OpsClarity has developed an intelligent, intuitive, and less cumbersome way of monitoring modern applications and data frameworks. We have developed a radically new operations monitoring solution based on data-science and machine learning that automates many of the time-consuming manual steps that an operations engineer has to execute on a daily basis. If you are an operations engineer on the frontlines of managing cloud-native, modern web-scale apps, here are some of the most important ways we can help with :

  1. Automatically discover your application topology: You can now see how your application and various services in the topology communicate with each other. And as your infrastructure scales up/down, your topology view also updates in real-time.

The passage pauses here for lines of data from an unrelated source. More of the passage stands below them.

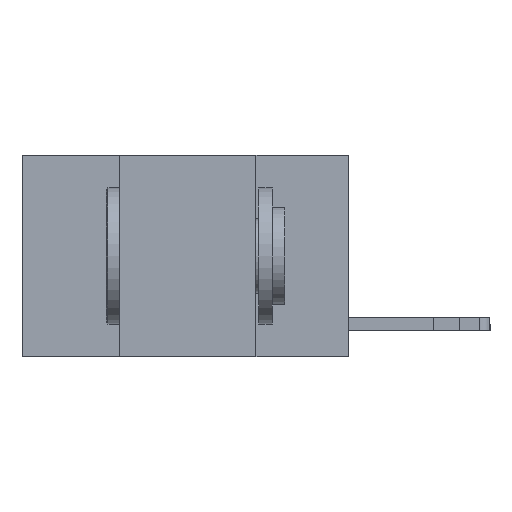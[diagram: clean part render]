
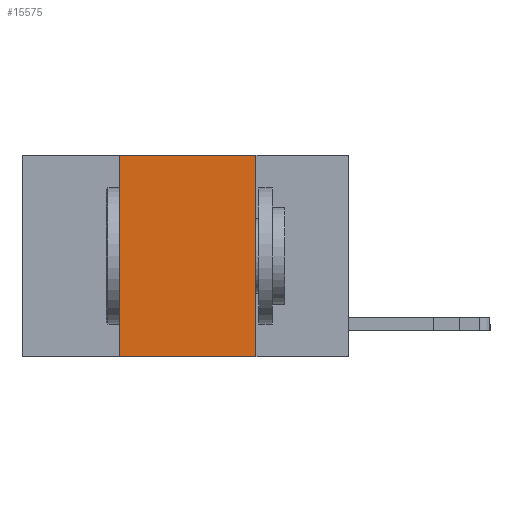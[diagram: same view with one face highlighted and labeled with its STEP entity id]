
A CAD part, left-side view. The second image highlights one B-rep face of the part: STEP entity #15575.
In plain terms, the highlighted planar face has unit normal (-1, 0, 0).
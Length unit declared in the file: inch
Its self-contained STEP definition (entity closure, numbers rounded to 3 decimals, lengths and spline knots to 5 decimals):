
#48 = EDGE_CURVE ( 'NONE', #10671, #14100, #11875, .T. ) ;
#93 = EDGE_CURVE ( 'NONE', #10671, #20386, #19431, .T. ) ;
#1348 = EDGE_CURVE ( 'NONE', #11428, #20386, #10329, .T. ) ;
#1635 = CARTESIAN_POINT ( 'NONE',  ( 0., 0.6, 0. ) ) ;
#2373 = CARTESIAN_POINT ( 'NONE',  ( 0., 0.17, -0.37 ) ) ;
#3296 = DIRECTION ( 'NONE',  ( 0., 0., -1. ) ) ;
#4197 = ORIENTED_EDGE ( 'NONE', *, *, #93, .T. ) ;
#4549 = DIRECTION ( 'NONE',  ( 0., -1., 0. ) ) ;
#4666 = DIRECTION ( 'NONE',  ( 0., 0., -1. ) ) ;
#4910 = CARTESIAN_POINT ( 'NONE',  ( 0., 0.17, 0. ) ) ;
#6627 = DIRECTION ( 'NONE',  ( 0., -1., 0. ) ) ;
#6916 = VECTOR ( 'NONE', #4666, 39.37008 ) ;
#7078 = PLANE ( 'NONE',  #22073 ) ;
#7255 = VECTOR ( 'NONE', #4549, 39.37008 ) ;
#7978 = VECTOR ( 'NONE', #10215, 39.37008 ) ;
#8633 = LINE ( 'NONE', #11838, #13834 ) ;
#8838 = FACE_OUTER_BOUND ( 'NONE', #10463, .T. ) ;
#10215 = DIRECTION ( 'NONE',  ( 0., 0., 1. ) ) ;
#10329 = LINE ( 'NONE', #4910, #6916 ) ;
#10463 = EDGE_LOOP ( 'NONE', ( #12085, #16678, #18125, #4197 ) ) ;
#10671 = VERTEX_POINT ( 'NONE', #17366 ) ;
#11428 = VERTEX_POINT ( 'NONE', #20061 ) ;
#11838 = CARTESIAN_POINT ( 'NONE',  ( 0., 0.6, 0. ) ) ;
#11875 = LINE ( 'NONE', #13657, #7978 ) ;
#12085 = ORIENTED_EDGE ( 'NONE', *, *, #1348, .F. ) ;
#13657 = CARTESIAN_POINT ( 'NONE',  ( 0., 0.42, 0. ) ) ;
#13834 = VECTOR ( 'NONE', #6627, 39.37008 ) ;
#14100 = VERTEX_POINT ( 'NONE', #18789 ) ;
#14299 = DIRECTION ( 'NONE',  ( 1., 0., 0. ) ) ;
#15575 = ADVANCED_FACE ( 'NONE', ( #8838 ), #7078, .F. ) ;
#16678 = ORIENTED_EDGE ( 'NONE', *, *, #19613, .F. ) ;
#17366 = CARTESIAN_POINT ( 'NONE',  ( 0., 0.42, -0.37 ) ) ;
#18125 = ORIENTED_EDGE ( 'NONE', *, *, #48, .F. ) ;
#18789 = CARTESIAN_POINT ( 'NONE',  ( 0., 0.42, 0. ) ) ;
#19431 = LINE ( 'NONE', #20761, #7255 ) ;
#19613 = EDGE_CURVE ( 'NONE', #14100, #11428, #8633, .T. ) ;
#20061 = CARTESIAN_POINT ( 'NONE',  ( 0., 0.17, 0. ) ) ;
#20386 = VERTEX_POINT ( 'NONE', #2373 ) ;
#20761 = CARTESIAN_POINT ( 'NONE',  ( 0., 0.6, -0.37 ) ) ;
#22073 = AXIS2_PLACEMENT_3D ( 'NONE', #1635, #14299, #3296 ) ;
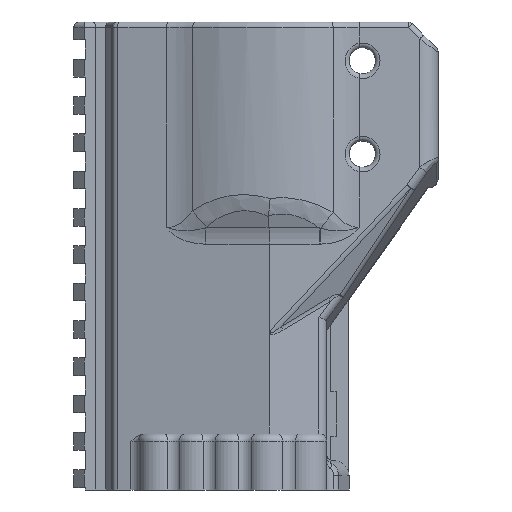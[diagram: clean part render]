
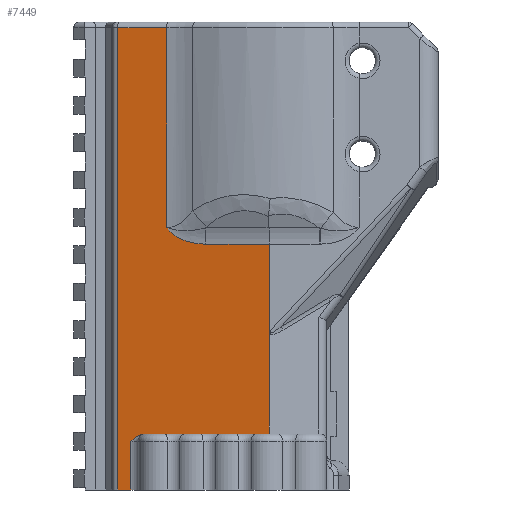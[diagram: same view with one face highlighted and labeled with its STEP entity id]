
A CAD part, left-side view. The second image highlights one B-rep face of the part: STEP entity #7449.
In plain terms, the highlighted planar face has unit normal (-0.979, 0.206, 0).
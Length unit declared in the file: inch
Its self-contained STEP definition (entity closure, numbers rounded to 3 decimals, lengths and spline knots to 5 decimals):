
#97=B_SPLINE_CURVE_WITH_KNOTS('',3,(#11676,#11677,#11678,#11679,#11680,
#11681,#11682,#11683,#11684,#11685),.UNSPECIFIED.,.F.,.F.,(4,2,2,2,4),(0.,
0.1281,0.2562,0.33578,0.41537),
 .UNSPECIFIED.);
#139=B_SPLINE_CURVE_WITH_KNOTS('',3,(#13659,#13660,#13661,#13662,#13663,
#13664,#13665,#13666,#13667,#13668,#13669,#13670),.UNSPECIFIED.,.F.,.F.,
(4,2,1,1,1,1,1,1,4),(-1.20029,-1.19791,-0.95833,
-0.83854,-0.71875,-0.59896,-0.47916,
-0.23958,0.),.UNSPECIFIED.);
#303=PLANE('',#8259);
#616=FACE_OUTER_BOUND('',#1063,.T.);
#1063=EDGE_LOOP('',(#6061,#6062,#6063,#6064,#6065,#6066,#6067,#6068,#6069,
#6070,#6071));
#1374=LINE('',#10904,#1981);
#1447=LINE('',#11693,#2054);
#1635=LINE('',#12760,#2242);
#1694=LINE('',#13674,#2301);
#1699=LINE('',#13939,#2306);
#1700=LINE('',#13941,#2307);
#1701=LINE('',#13942,#2308);
#1702=LINE('',#13943,#2309);
#1703=LINE('',#13944,#2310);
#1981=VECTOR('',#8602,0.3937);
#2054=VECTOR('',#9099,0.3937);
#2242=VECTOR('',#9643,0.3937);
#2301=VECTOR('',#9954,0.3937);
#2306=VECTOR('',#10011,0.3937);
#2307=VECTOR('',#10012,0.3937);
#2308=VECTOR('',#10013,0.3937);
#2309=VECTOR('',#10014,0.3937);
#2310=VECTOR('',#10015,0.3937);
#2996=VERTEX_POINT('',#10901);
#2997=VERTEX_POINT('',#10903);
#3186=VERTEX_POINT('',#11674);
#3187=VERTEX_POINT('',#11675);
#3189=VERTEX_POINT('',#11691);
#3456=VERTEX_POINT('',#12757);
#3457=VERTEX_POINT('',#12759);
#3545=VERTEX_POINT('',#13643);
#3547=VERTEX_POINT('',#13646);
#3562=VERTEX_POINT('',#13938);
#3563=VERTEX_POINT('',#13940);
#3711=EDGE_CURVE('',#2997,#2996,#1374,.T.);
#3956=EDGE_CURVE('',#3186,#3187,#97,.F.);
#3961=EDGE_CURVE('',#3186,#3189,#1447,.T.);
#4296=EDGE_CURVE('',#3457,#3456,#1635,.T.);
#4451=EDGE_CURVE('',#3547,#3545,#139,.T.);
#4453=EDGE_CURVE('',#3545,#3456,#1694,.T.);
#4482=EDGE_CURVE('',#3562,#3547,#1699,.T.);
#4483=EDGE_CURVE('',#3563,#3562,#1700,.T.);
#4484=EDGE_CURVE('',#2997,#3563,#1701,.T.);
#4485=EDGE_CURVE('',#3187,#2996,#1702,.T.);
#4486=EDGE_CURVE('',#3189,#3457,#1703,.T.);
#6061=ORIENTED_EDGE('',*,*,#4451,.F.);
#6062=ORIENTED_EDGE('',*,*,#4482,.F.);
#6063=ORIENTED_EDGE('',*,*,#4483,.F.);
#6064=ORIENTED_EDGE('',*,*,#4484,.F.);
#6065=ORIENTED_EDGE('',*,*,#3711,.T.);
#6066=ORIENTED_EDGE('',*,*,#4485,.F.);
#6067=ORIENTED_EDGE('',*,*,#3956,.F.);
#6068=ORIENTED_EDGE('',*,*,#3961,.T.);
#6069=ORIENTED_EDGE('',*,*,#4486,.T.);
#6070=ORIENTED_EDGE('',*,*,#4296,.T.);
#6071=ORIENTED_EDGE('',*,*,#4453,.F.);
#7449=ADVANCED_FACE('',(#616),#303,.T.);
#8259=AXIS2_PLACEMENT_3D('',#13937,#10009,#10010);
#8602=DIRECTION('',(-0.206,-0.979,0.));
#9099=DIRECTION('',(-0.206,-0.979,0.));
#9643=DIRECTION('',(0.,0.,1.));
#9954=DIRECTION('',(-0.206,-0.979,0.));
#10009=DIRECTION('center_axis',(-0.979,0.206,0.));
#10010=DIRECTION('ref_axis',(-0.206,-0.979,0.));
#10011=DIRECTION('',(0.,0.,-1.));
#10012=DIRECTION('',(-0.206,-0.979,0.));
#10013=DIRECTION('',(0.,0.,1.));
#10014=DIRECTION('',(0.,0.,-1.));
#10015=DIRECTION('',(0.,0.,1.));
#10901=CARTESIAN_POINT('',(-0.76358,0.46364,5.49557));
#10903=CARTESIAN_POINT('',(-0.73495,0.59981,5.49557));
#10904=CARTESIAN_POINT('',(-0.88188,-0.09914,5.49557));
#11674=CARTESIAN_POINT('',(-0.79501,0.31412,6.08612));
#11675=CARTESIAN_POINT('',(-0.76358,0.46364,6.01112));
#11676=CARTESIAN_POINT('Ctrl Pts',(-0.76358,0.46364,
6.01112));
#11677=CARTESIAN_POINT('Ctrl Pts',(-0.76628,0.45077,
6.0216));
#11678=CARTESIAN_POINT('Ctrl Pts',(-0.76925,0.43663,
6.03315));
#11679=CARTESIAN_POINT('Ctrl Pts',(-0.77545,0.40717,
6.05432));
#11680=CARTESIAN_POINT('Ctrl Pts',(-0.77868,0.39178,
6.06384));
#11681=CARTESIAN_POINT('Ctrl Pts',(-0.78378,0.36752,
6.07516));
#11682=CARTESIAN_POINT('Ctrl Pts',(-0.78599,0.357,
6.07918));
#11683=CARTESIAN_POINT('Ctrl Pts',(-0.79053,0.33542,
6.08467));
#11684=CARTESIAN_POINT('Ctrl Pts',(-0.79286,0.32435,
6.08612));
#11685=CARTESIAN_POINT('Ctrl Pts',(-0.79501,0.31412,
6.08612));
#11691=CARTESIAN_POINT('',(-1.07106,-0.99901,6.08612));
#11693=CARTESIAN_POINT('',(-0.8733,-0.05833,6.08612));
#12757=CARTESIAN_POINT('',(-1.07106,-0.99901,8.08939));
#12759=CARTESIAN_POINT('',(-1.07106,-0.99901,7.14465));
#12760=CARTESIAN_POINT('',(-1.07106,-0.99901,-2.40157));
#13643=CARTESIAN_POINT('',(-0.93019,-0.3289,8.08939));
#13646=CARTESIAN_POINT('',(-0.84356,0.08314,8.26572));
#13659=CARTESIAN_POINT('Ctrl Pts',(-0.84356,0.08314,
8.26572));
#13660=CARTESIAN_POINT('Ctrl Pts',(-0.8436,0.08297,
8.26546));
#13661=CARTESIAN_POINT('Ctrl Pts',(-0.84364,0.08279,
8.26521));
#13662=CARTESIAN_POINT('Ctrl Pts',(-0.84743,0.06476,
8.23931));
#13663=CARTESIAN_POINT('Ctrl Pts',(-0.85428,0.03218,
8.20509));
#13664=CARTESIAN_POINT('Ctrl Pts',(-0.86493,-0.01848,
8.16894));
#13665=CARTESIAN_POINT('Ctrl Pts',(-0.87346,-0.05908,
8.14624));
#13666=CARTESIAN_POINT('Ctrl Pts',(-0.88242,-0.1017,
8.12772));
#13667=CARTESIAN_POINT('Ctrl Pts',(-0.8948,-0.16056,
8.10823));
#13668=CARTESIAN_POINT('Ctrl Pts',(-0.91071,-0.23627,
8.09308));
#13669=CARTESIAN_POINT('Ctrl Pts',(-0.92372,-0.29814,
8.08939));
#13670=CARTESIAN_POINT('Ctrl Pts',(-0.93019,-0.3289,
8.08939));
#13674=CARTESIAN_POINT('',(-0.82801,0.15714,8.08939));
#13937=CARTESIAN_POINT('Origin',(-0.75194,0.51901,-2.40157));
#13938=CARTESIAN_POINT('',(-0.84356,0.08314,10.37402));
#13939=CARTESIAN_POINT('',(-0.84356,0.08314,10.43307));
#13940=CARTESIAN_POINT('',(-0.73495,0.59981,10.37402));
#13941=CARTESIAN_POINT('',(-0.88895,-0.13277,10.37402));
#13942=CARTESIAN_POINT('',(-0.73495,0.59981,-2.40157));
#13943=CARTESIAN_POINT('',(-0.76358,0.46364,5.49557));
#13944=CARTESIAN_POINT('',(-1.07106,-0.99901,-2.40157));

  2. We configure and collect all your service metrics automatically (no more dealing with managing config files across all your hosts!) to enable quick browsing of your critical service metrics in one place.
  3. Since all metrics are not the same, you cannot apply the same baselining algorithms to all your metrics. We have developed a library of complex algorithms based on the context of your specific metrics (which we are constantly learning) and use them to automatically baseline your metrics.
  4. In order to manage the false positive noise, we have sophisticated anomaly-ranking algorithms. You can now focus on the most critical anomalies and not have to deal with noise from false positives.
  5. We provide automated health status for all applications and services.
  6. We have a DVR-like view that allows you to go back in time and replay failures to understand how they propagated throughout the system. This is very useful for quick anomaly correlation and to deep-dive into a specific failure.